The ‘E’ Word

There has been much talk on twitter and in the HR blog world lately about employee engagement, much of it prompted by a tweet from Neil Morrison in which he said ‘every time I hear the word engagement, another part of me dies’. I’ve been watching the development of the debate with interest. As many other commentators had written such eloquent blogs I wasn’t going to add to it, but an article, here: http://bit.ly/YtVj30 I saw at the weekend posed a question that made me itch.

The article was called ‘Whose job is engagement: HR, CEO or dedicated head of engagement’. Actually, when you read the full text it isn’t really advocating that engagement should be the responsibility of one person, but this idea that engagement can be owned is for me, one of the central problems with the whole concept.
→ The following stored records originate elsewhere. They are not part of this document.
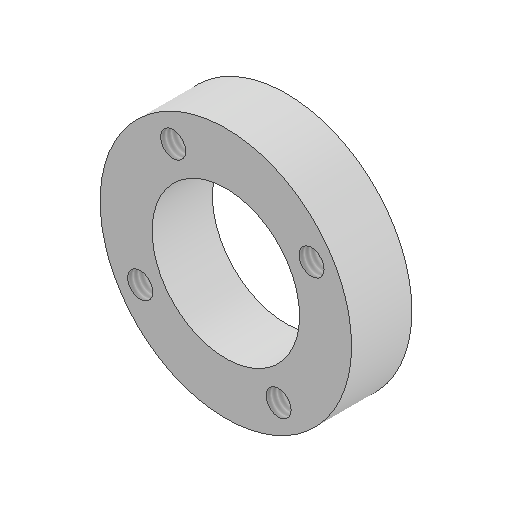
# Autodesk Inventor part: Part16
Saved by Autodesk Inventor 2024 (Build 280153000, 153)
## iProperties
Created: 2023-04-05
Part Number: Part16
Material: Generic
Document SubType Name: Modeling
Designer: ralph
Density: 1 g/cm^3
Appearance: Default
Author: ralph
Autodesk Inventor part; units mm, degrees
ref_plane "YZ Plane" through (0, 0, 0) normal (1, 0, 0) x (0, 1, 0)
ref_plane "XZ Plane" through (0, 0, 0) normal (0, 1, 0) x (-1, 0, 0)
ref_plane "XY Plane" through (0, 0, 0) normal (0, 0, 1) x (1, 0, 0)
sketch "Sketch1" plane through (0, 0, 0) normal (0, 0, 1) x (1, 0, 0)
  circle A0 centre (0, -5) radius 23.8125
  ellipse E0 centre (-25.066556, -29.009567) end of major axis (-17.396721, -26.490299) minor radius 5.878917 (-26.90757, -23.426346) -> (-26.90757, -23.426346) ccw
  line L0 (-26.90757, -23.426346) -> (-27.832023, -23.737709)
  line L1 (-29.265886, -21.408265) -> (-28.524708, -20.677009)
  ellipse E1 centre (-32.727164, -16.564341) end of major axis (-27.02296, -10.851314) minor radius 5.879236 (-28.571485, -20.72316) -> (-28.525164, -20.676548) ccw
  ellipse E2 centre (-32.346551, -17.58951) end of major axis (-24.296384, -18.197133) minor radius 5.879035 (-31.91081, -11.726643) -> (-31.91081, -11.726643) ccw
  line L2 (-31.91081, -11.726643) -> (-32.884047, -11.660532)
  line L3 (-33.317324, -8.95969) -> (-32.352726, -8.567735)
  ellipse E3 centre (-34.661269, -3.160316) end of major axis (-27.205269, -0.065183) minor radius 5.878801 (-32.413603, -8.592472) -> (-32.35297, -8.567134) ccw
  ellipse E4 centre (-34.70212, -4.252716) end of major axis (-41.906987, -0.610674) minor radius 5.879052 (-32.055919, 0.997131) -> (-32.055919, 0.997131) ccw
  line L4 (-32.055919, 0.997131) -> (-32.929773, 1.430651)
  line L5 (-32.296502, 4.091711) -> (-31.255334, 4.084695)
  ellipse E5 centre (-31.318819, 9.963759) end of major axis (-23.246042, 9.970002) minor radius 5.878619 (-31.321044, 4.085138) -> (-31.25533, 4.085343) ccw
  ellipse E6 centre (-31.774878, 8.970095) end of major axis (-37.03772, 15.092271) minor radius 5.879409 (-27.320805, 12.807895) -> (-27.320805, 12.807895) ccw
  line L6 (-27.320805, 12.807895) -> (-27.96224, 13.542826)
  line L7 (-26.35883, 15.758982) -> (-25.399601, 15.354063)
  ellipse E7 centre (-23.208166, 20.81056) end of major axis (-30.669277, 23.894301) minor radius 5.879328 (-25.46014, 15.379618) -> (-25.399349, 15.35466) ccw
  ellipse E8 centre (-24.009591, 20.066548) end of major axis (-26.528865, 27.736399) minor radius 5.878942 (-18.426346, 21.90757) -> (-18.426346, 21.90757) ccw
  line L8 (-18.426346, 21.90757) -> (-18.737709, 22.832023)
  line L9 (-16.408265, 24.265886) -> (-15.677009, 23.524708)
  ellipse E9 centre (-11.564623, 27.726877) end of major axis (-17.277457, 33.430884) minor radius 5.878834 (-15.72316, 23.571485) -> (-15.676548, 23.525164) ccw
  ellipse E10 centre (-12.589421, 27.346544) end of major axis (-11.981802, 35.39665) minor radius 5.878946 (-6.726643, 26.91081) -> (-6.726643, 26.91081) ccw
  line L10 (-6.726643, 26.91081) -> (-6.660532, 27.884047)
  line L11 (-3.95969, 28.317324) -> (-3.567735, 27.352726)
  ellipse E11 centre (1.839847, 29.661337) end of major axis (-1.255331, 37.11745) minor radius 5.878977 (-3.592472, 27.413603) -> (-3.567134, 27.35297) ccw
  ellipse E12 centre (0.747946, 29.701782) end of major axis (4.389762, 36.906192) minor radius 5.878309 (5.997131, 27.055919) -> (5.997131, 27.055919) ccw
  line L12 (5.997131, 27.055919) -> (6.430651, 27.929773)
  line L13 (9.091711, 27.296502) -> (9.084695, 26.255334)
  ellipse E13 centre (14.963894, 26.318821) end of major axis (14.957652, 34.391691) minor radius 5.878755 (9.085138, 26.321044) -> (9.085343, 26.25533) ccw
  ellipse E14 centre (13.970251, 26.774696) end of major axis (20.092302, 32.03743) minor radius 5.87917 (17.807895, 22.320805) -> (17.807895, 22.320805) ccw
  line L14 (17.807895, 22.320805) -> (18.542826, 22.96224)
  line L15 (20.758982, 21.35883) -> (20.354063, 20.399601)
  ellipse E15 centre (25.810277, 18.208281) end of major axis (28.893936, 25.669199) minor radius 5.879023 (20.379618, 20.46014) -> (20.35466, 20.399349) ccw
  ellipse E16 centre (25.066434, 19.009945) end of major axis (32.736527, 21.529301) minor radius 5.879314 (26.90757, 13.426346) -> (26.90757, 13.426346) ccw
  line L16 (26.90757, 13.426346) -> (27.832023, 13.737709)
  line L17 (29.265886, 11.408265) -> (28.524708, 10.677009)
  ellipse E17 centre (32.727281, 6.564224) end of major axis (38.431566, 12.277331) minor radius 5.879402 (28.571485, 10.72316) -> (28.525164, 10.676548) ccw
  ellipse E18 centre (32.346566, 7.5897) end of major axis (40.396864, 6.982068) minor radius 5.879226 (31.91081, 1.726643) -> (31.91081, 1.726643) ccw
  line L18 (31.91081, 1.726643) -> (32.884047, 1.660532)
  line L19 (33.317324, -1.04031) -> (32.352726, -1.432265)
  ellipse E19 centre (34.661448, -6.840109) end of major axis (42.117742, -3.744858) minor radius 5.879261 (32.413603, -1.407528) -> (32.35297, -1.432866) ccw
  ellipse E20 centre (34.701968, -5.747582) end of major axis (27.497307, -2.105643) minor radius 5.878717 (32.055919, -10.997131) -> (32.055919, -10.997131) ccw
  line L20 (32.055919, -10.997131) -> (32.929773, -11.430651)
  line L21 (32.296502, -14.091711) -> (31.255334, -14.084695)
  ellipse E21 centre (31.318824, -19.964675) end of major axis (39.392231, -19.958437) minor radius 5.879535 (31.321044, -14.085138) -> (31.25533, -14.085343) ccw
  ellipse E22 centre (31.774631, -18.970306) end of major axis (26.511936, -12.848298) minor radius 5.879085 (27.320805, -22.807895) -> (27.320805, -22.807895) ccw
  line L22 (27.320805, -22.807895) -> (27.96224, -23.542826)
  line L23 (26.35883, -25.758982) -> (25.399601, -25.354063)
  ellipse E23 centre (23.208233, -30.810396) end of major axis (15.747234, -27.726703) minor radius 5.879151 (25.46014, -25.379618) -> (25.399349, -25.35466) ccw
  ellipse E24 centre (24.00979, -30.066484) end of major axis (21.49047, -22.396496) minor radius 5.879152 (18.426346, -31.90757) -> (18.426346, -31.90757) ccw
  line L24 (18.426346, -31.90757) -> (18.737709, -32.832023)
  line L25 (16.408265, -34.265886) -> (15.677009, -33.524708)
  ellipse E25 centre (11.564423, -37.72708) end of major axis (5.851452, -32.022934) minor radius 5.879119 (15.72316, -33.571485) -> (15.676548, -33.525164) ccw
  ellipse E26 centre (12.58943, -37.346545) end of major axis (13.19705, -29.296433) minor radius 5.878955 (6.726643, -36.91081) -> (6.726643, -36.91081) ccw
  line L26 (6.726643, -36.91081) -> (6.660532, -37.884047)
  line L27 (3.95969, -38.317324) -> (3.567735, -37.352726)
  ellipse E27 centre (-1.840043, -39.66142) end of major axis (-4.935276, -32.205172) minor radius 5.87919 (3.592472, -37.413603) -> (3.567134, -37.35297) ccw
  ellipse E28 centre (-0.747551, -39.701984) end of major axis (2.8944, -32.497302) minor radius 5.878752 (-5.997131, -37.055919) -> (-5.997131, -37.055919) ccw
  line L28 (-5.997131, -37.055919) -> (-6.430651, -37.929773)
  line L29 (-9.091711, -37.296502) -> (-9.084695, -36.255334)
  ellipse E29 centre (-14.964581, -36.318823) end of major axis (-14.970819, -28.245481) minor radius 5.879441 (-9.085138, -36.321044) -> (-9.085343, -36.25533) ccw
  ellipse E30 centre (-13.970405, -36.774515) end of major axis (-7.848476, -31.511889) minor radius 5.878932 (-17.807895, -32.320805) -> (-17.807895, -32.320805) ccw
  line L30 (-17.807895, -32.320805) -> (-18.542826, -32.96224)
  line L31 (-20.758982, -31.35883) -> (-20.354063, -30.399601)
  ellipse E31 centre (-25.810473, -28.208202) end of major axis (-22.726757, -20.74715) minor radius 5.879234 (-20.379618, -30.46014) -> (-20.35466, -30.399349) ccw
  arc A1 (-20.35466, -30.399349) -> (-19.644418, -27.762867) centre (-30.622228, -26.219462) ccw
  arc A2 (-19.644418, -27.762867) -> (-24.163023, -22.894122) centre (-23.857511, -27.141776) ccw
  arc A3 (-24.163023, -22.894122) -> (-26.845089, -23.405986) centre (-23.441695, -33.956404) ccw
  arc A4 (-28.525164, -20.676548) -> (-26.860048, -18.512554) centre (-36.411586, -12.885608) ccw
  arc A5 (-26.860048, -18.512554) -> (-29.171506, -12.285224) centre (-30.514757, -16.32646) ccw
  arc A6 (-29.171506, -12.285224) -> (-31.845294, -11.731743) centre (-32.738439, -22.781481) ccw
  arc A7 (-32.35297, -8.567134) -> (-29.986479, -7.205076) centre (-36.657611, 1.648759) ccw
  arc A8 (-29.986479, -7.205076) -> (-29.738892, -0.567217) centre (-32.526408, -3.786792) ccw
  arc A9 (-29.738892, -0.567217) -> (-31.997342, 0.967347) centre (-37.051052, -8.899488) ccw
  arc A10 (-31.25533, 4.085343) -> (-28.54774, 4.438104) centre (-31.322846, 15.170913) ccw
  arc A11 (-28.54774, 4.438104) -> (-25.778801, 10.475939) centre (-29.586208, 8.568175) ccw
  arc A12 (-25.778801, 10.475939) -> (-27.278084, 12.757962) centre (-35.722978, 5.576167) ccw
  arc A13 (-25.399349, 15.35466) -> (-22.762867, 14.644418) centre (-21.219462, 25.622228) ccw
  arc A14 (-22.762867, 14.644418) -> (-17.894122, 19.163023) centre (-22.141776, 18.857511) ccw
  arc A15 (-17.894122, 19.163023) -> (-18.405986, 21.845089) centre (-28.956404, 18.441695) ccw
  arc A16 (-15.676548, 23.525164) -> (-13.512554, 21.860048) centre (-7.885608, 31.411586) ccw
  arc A17 (-13.512554, 21.860048) -> (-7.285224, 24.171506) centre (-11.32646, 25.514757) ccw
  arc A18 (-7.285224, 24.171506) -> (-6.731743, 26.845294) centre (-17.781481, 27.738439) ccw
  arc A19 (-3.567134, 27.35297) -> (-2.205076, 24.986479) centre (6.648759, 31.657611) ccw
  arc A20 (-2.205076, 24.986479) -> (4.432783, 24.738892) centre (1.213208, 27.526408) ccw
  arc A21 (4.432783, 24.738892) -> (5.967347, 26.997342) centre (-3.899488, 32.051052) ccw
  arc A22 (9.085343, 26.25533) -> (9.438104, 23.54774) centre (20.170913, 26.322846) ccw
  arc A23 (9.438104, 23.54774) -> (15.475939, 20.778801) centre (13.568175, 24.586208) ccw
  arc A24 (15.475939, 20.778801) -> (17.757962, 22.278084) centre (10.576167, 30.722978) ccw
  arc A25 (20.35466, 20.399349) -> (19.644418, 17.762867) centre (30.622228, 16.219462) ccw
  arc A26 (19.644418, 17.762867) -> (24.163023, 12.894122) centre (23.857511, 17.141776) ccw
  arc A27 (24.163023, 12.894122) -> (26.845089, 13.405986) centre (23.441695, 23.956404) ccw
  arc A28 (28.525164, 10.676548) -> (26.860048, 8.512554) centre (36.411586, 2.885608) ccw
  arc A29 (26.860048, 8.512554) -> (29.171506, 2.285224) centre (30.514757, 6.32646) ccw
  arc A30 (29.171506, 2.285224) -> (31.845294, 1.731743) centre (32.738439, 12.781481) ccw
  arc A31 (32.35297, -1.432866) -> (29.986479, -2.794924) centre (36.657611, -11.648759) ccw
  arc A32 (29.986479, -2.794924) -> (29.738892, -9.432783) centre (32.526408, -6.213208) ccw
  arc A33 (29.738892, -9.432783) -> (31.997342, -10.967347) centre (37.051052, -1.100512) ccw
  arc A34 (31.25533, -14.085343) -> (28.54774, -14.438104) centre (31.322846, -25.170913) ccw
  arc A35 (28.54774, -14.438104) -> (25.778801, -20.475939) centre (29.586208, -18.568175) ccw
  arc A36 (25.778801, -20.475939) -> (27.278084, -22.757962) centre (35.722978, -15.576167) ccw
  arc A37 (25.399349, -25.35466) -> (22.762867, -24.644418) centre (21.219462, -35.622228) ccw
  arc A38 (22.762867, -24.644418) -> (17.894122, -29.163023) centre (22.141776, -28.857511) ccw
  arc A39 (17.894122, -29.163023) -> (18.405986, -31.845089) centre (28.956404, -28.441695) ccw
  arc A40 (15.676548, -33.525164) -> (13.512554, -31.860048) centre (7.885608, -41.411586) ccw
  arc A41 (13.512554, -31.860048) -> (7.285224, -34.171506) centre (11.32646, -35.514757) ccw
  arc A42 (7.285224, -34.171506) -> (6.731743, -36.845294) centre (17.781481, -37.738439) ccw
  arc A43 (3.567134, -37.35297) -> (2.205076, -34.986479) centre (-6.648759, -41.657611) ccw
  arc A44 (2.205076, -34.986479) -> (-4.432783, -34.738892) centre (-1.213208, -37.526408) ccw
  arc A45 (-4.432783, -34.738892) -> (-5.967347, -36.997342) centre (3.899488, -42.051052) ccw
  arc A46 (-9.085343, -36.25533) -> (-9.438104, -33.54774) centre (-20.170913, -36.322846) ccw
  arc A47 (-9.438104, -33.54774) -> (-15.475939, -30.778801) centre (-13.568175, -34.586208) ccw
  arc A48 (-15.475939, -30.778801) -> (-17.757962, -32.278084) centre (-10.576167, -40.722978) ccw
  circle A49 centre (0, -5) radius 13.97
  arc A50 (-30.44477, -24.101609) -> (-27.832023, -23.737709) centre (-30.102742, -16.995817) ccw
  arc A51 (-30.767675, -23.57702) -> (-30.44477, -24.101609) centre (0, -5) ccw
  arc A52 (-29.265886, -21.408265) -> (-30.767675, -23.57702) centre (-24.269527, -26.472419) ccw
  arc A53 (-35.437169, -10.996877) -> (-32.884047, -11.660532) centre (-32.401908, -4.562869) ccw
  arc A54 (-35.534743, -10.388649) -> (-35.437169, -10.996877) centre (0, -5) ccw
  arc A55 (-33.317324, -8.95969) -> (-35.534743, -10.388649) centre (-30.639258, -15.550383) ccw
  arc A56 (-35.034581, 3.020825) -> (-32.929773, 1.430651) centre (-29.768177, 7.803529) ccw
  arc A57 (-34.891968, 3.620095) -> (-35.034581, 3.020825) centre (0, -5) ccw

I don’t particularly like the word engagement, although I guess it has to be called something. What does bother me is when it is treated like a project, a programme or initiative. Treating it in this way drives the wrong thought processes. It isn’t something that should be a SMART objective, something that requires a formal plan, a work stream or an executive sponsor. You also don’t need to spend a ton of cash on a survey. HR teams already collate a load of management information that will tell you whether your employees like working for you or not; sickness, retention, turnover, grievance levels will all give you an insight. Or you could go mad and just walk round and talk to people.

When it comes to ‘engagement ‘you just have to build it in to everything you do. When you make a decision, you have to ask yourself how this will impact your people. Now don’t think I’m coming over all fluffy. I’m not suggesting that your decisions should be guided by whether people will like them or not. But take them in the full knowledge of how it will make people feel, and specifically how they will feel about the company. If your decision is going to give people the hump, maybe it is still the right thing to do taking everything into account.

If the word we are going to use is engagement, then it is the responsibility of every single person, every decision maker in an organisation. Engagement cannot be owned. It is not a dog.